The French painter Nicolas Lancret was born on January 22, 1690 in Paris. Even though a career as a copperplate engraver – like his brother François Joseph – was planned for him, he was able to have his way and be an apprentice to the historical painter Pierre Dulin (1669–1749). Starting in 1708, Nicolas Lancret participated in drawing courses at the academy. But he also turned away from historical painting and took up the genre of the "fêtes galantes". Around 1712, he becomes a student of Claude Gillot (1673–1722). In the latter’s studio, the artist encounters Antoine Watteau (1684–1721), who advised him to leave behind Gillot‘s style and draw based on the natural world in the surroundings of Paris. However, his friendship with Watteau later ended. In 1718, the Royal Academy in Paris accepted Lancret as an Agréé and as a member in 1719.
After the death of the two masters Watteau and Gillot, Nicolas Lancret – in addition to Jean-Baptiste Pater (1695–1736), who had also previously been Watteau‘s student – dominated the field of the "fêtes galantes" and the comic-actor scenes. With the works "Lit de justice tenu au Parlement à la majorité du Roi" (1723) and "Diana and Callisto", the artist attempted the more highly esteemed historical field a few more times. However, his success was based on the Watteau genre, in which he was inundated with commissions. Among others, he had orders from Jean-François Lériget de la Faye (1674–1731), Jacques Louis de Béringhen, Pierre Crozat (1661 or 1665–1740), Cte de Tessin, Madeleine de Boullongne (1646–1710), Prince Carignan, and from the court. Frederick the Great (1712–86) also purchased Nicolas Lancret’s works in 1739 for Rheinsberg.

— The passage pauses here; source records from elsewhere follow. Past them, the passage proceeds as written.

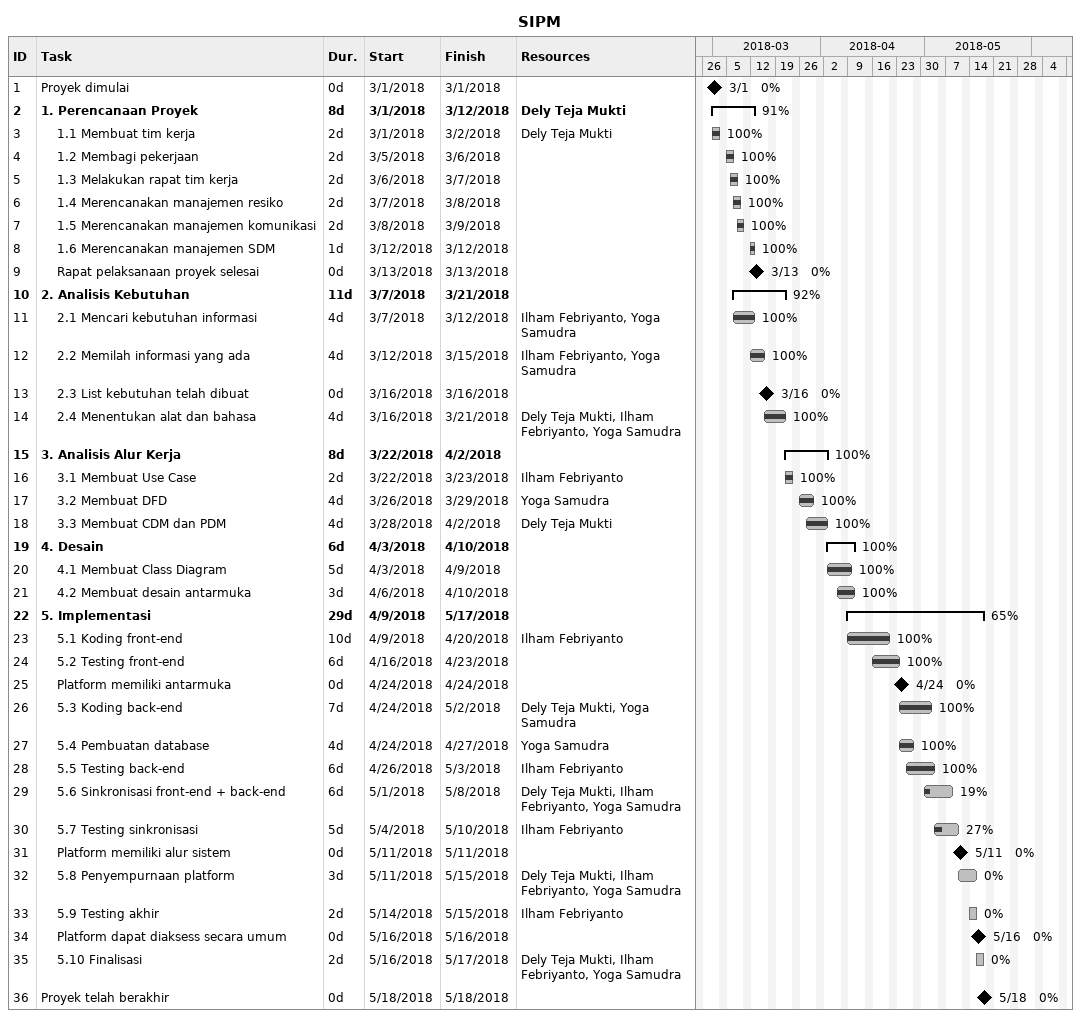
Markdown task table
SIPM

| ID | Level | Task | Duration | Start | Finish | Resources | % complete |
|---|---|---|---|---|---|---|---|
| 1 | 1 | Proyek dimulai | 0d | 2018-03-01 | 2018-03-01 |  | 0 |
| 2 | 1 | **1. Perencanaan Proyek** | 8d | 2018-03-01 | 2018-03-12 | Dely Teja Mukti | 91 |
| 3 | 2 | 1.1 Membuat tim kerja | 2d | 2018-03-01 | 2018-03-02 | Dely Teja Mukti | 100 |
| 4 | 2 | 1.2 Membagi pekerjaan | 2d | 2018-03-05 | 2018-03-06 |  | 100 |
| 5 | 2 | 1.3 Melakukan rapat tim kerja | 2d | 2018-03-06 | 2018-03-07 |  | 100 |
| 6 | 2 | 1.4 Merencanakan manajemen resiko | 2d | 2018-03-07 | 2018-03-08 |  | 100 |
| 7 | 2 | 1.5 Merencanakan manajemen komunikasi | 2d | 2018-03-08 | 2018-03-09 |  | 100 |
| 8 | 2 | 1.6 Merencanakan manajemen SDM | 1d | 2018-03-12 | 2018-03-12 |  | 100 |
| 9 | 2 | Rapat pelaksanaan proyek selesai | 0d | 2018-03-13 | 2018-03-13 |  | 0 |
| 10 | 1 | **2. Analisis Kebutuhan** | 11d | 2018-03-07 | 2018-03-21 |  | 92 |
| 11 | 2 | 2.1 Mencari kebutuhan informasi | 4d | 2018-03-07 | 2018-03-12 | Ilham Febriyanto, Yoga Samudra | 100 |
| 12 | 2 | 2.2 Memilah informasi yang ada | 4d | 2018-03-12 | 2018-03-15 | Ilham Febriyanto, Yoga Samudra | 100 |
| 13 | 2 | 2.3 List kebutuhan telah dibuat | 0d | 2018-03-16 | 2018-03-16 |  | 0 |
| 14 | 2 | 2.4 Menentukan alat dan bahasa | 4d | 2018-03-16 | 2018-03-21 | Dely Teja Mukti, Ilham Febriyanto, Yoga Samudra | 100 |
| 15 | 1 | **3. Analisis Alur Kerja** | 8d | 2018-03-22 | 2018-04-02 |  | 100 |
| 16 | 2 | 3.1 Membuat Use Case | 2d | 2018-03-22 | 2018-03-23 | Ilham Febriyanto | 100 |
| 17 | 2 | 3.2 Membuat DFD | 4d | 2018-03-26 | 2018-03-29 | Yoga Samudra | 100 |
| 18 | 2 | 3.3 Membuat CDM dan PDM | 4d | 2018-03-28 | 2018-04-02 | Dely Teja Mukti | 100 |
| 19 | 1 | **4. Desain** | 6d | 2018-04-03 | 2018-04-10 |  | 100 |
| 20 | 2 | 4.1 Membuat Class Diagram | 5d | 2018-04-03 | 2018-04-09 |  | 100 |
| 21 | 2 | 4.2 Membuat desain antarmuka | 3d | 2018-04-06 | 2018-04-10 |  | 100 |
| 22 | 1 | **5. Implementasi** | 29d | 2018-04-09 | 2018-05-17 |  | 65 |
| 23 | 2 | 5.1 Koding front-end | 10d | 2018-04-09 | 2018-04-20 | Ilham Febriyanto | 100 |
| 24 | 2 | 5.2 Testing front-end | 6d | 2018-04-16 | 2018-04-23 |  | 100 |
| 25 | 2 | Platform memiliki antarmuka | 0d | 2018-04-24 | 2018-04-24 |  | 0 |
| 26 | 2 | 5.3 Koding back-end | 7d | 2018-04-24 | 2018-05-02 | Dely Teja Mukti, Yoga Samudra | 100 |
| 27 | 2 | 5.4 Pembuatan database | 4d | 2018-04-24 | 2018-04-27 | Yoga Samudra | 100 |
| 28 | 2 | 5.5 Testing back-end | 6d | 2018-04-26 | 2018-05-03 | Ilham Febriyanto | 100 |
| 29 | 2 | 5.6 Sinkronisasi front-end + back-end | 6d | 2018-05-01 | 2018-05-08 | Dely Teja Mukti, Ilham Febriyanto, Yoga Samudra | 19 |
| 30 | 2 | 5.7 Testing sinkronisasi | 5d | 2018-05-04 | 2018-05-10 | Ilham Febriyanto | 27 |
| 31 | 2 | Platform memiliki alur sistem | 0d | 2018-05-11 | 2018-05-11 |  | 0 |
| 32 | 2 | 5.8 Penyempurnaan platform | 3d | 2018-05-11 | 2018-05-15 | Dely Teja Mukti, Ilham Febriyanto, Yoga Samudra | 0 |
| 33 | 2 | 5.9 Testing akhir | 2d | 2018-05-14 | 2018-05-15 | Ilham Febriyanto | 0 |
| 34 | 2 | Platform dapat diaksess secara umum | 0d | 2018-05-16 | 2018-05-16 |  | 0 |
| 35 | 2 | 5.10 Finalisasi | 2d | 2018-05-16 | 2018-05-17 | Dely Teja Mukti, Ilham Febriyanto, Yoga Samudra | 0 |
| 36 | 1 | Proyek telah berakhir | 0d | 2018-05-18 | 2018-05-18 |  | 0 |

The artist frequently prepared his paintings through numerous sketches, studies, and drafts, often painting more or less free repetitions of his pictures. Lancret showed himself in his works as a skillful storyteller and sharp observer of the pleasure-loving high-society world that presented itself elegantly, tastefully, and in the colorful costumes of Italian comedy. He was a friend of the theater and created flattering portraits of actresses and dancers.
Nicolas Lancret died on September 14, 1745 in Paris.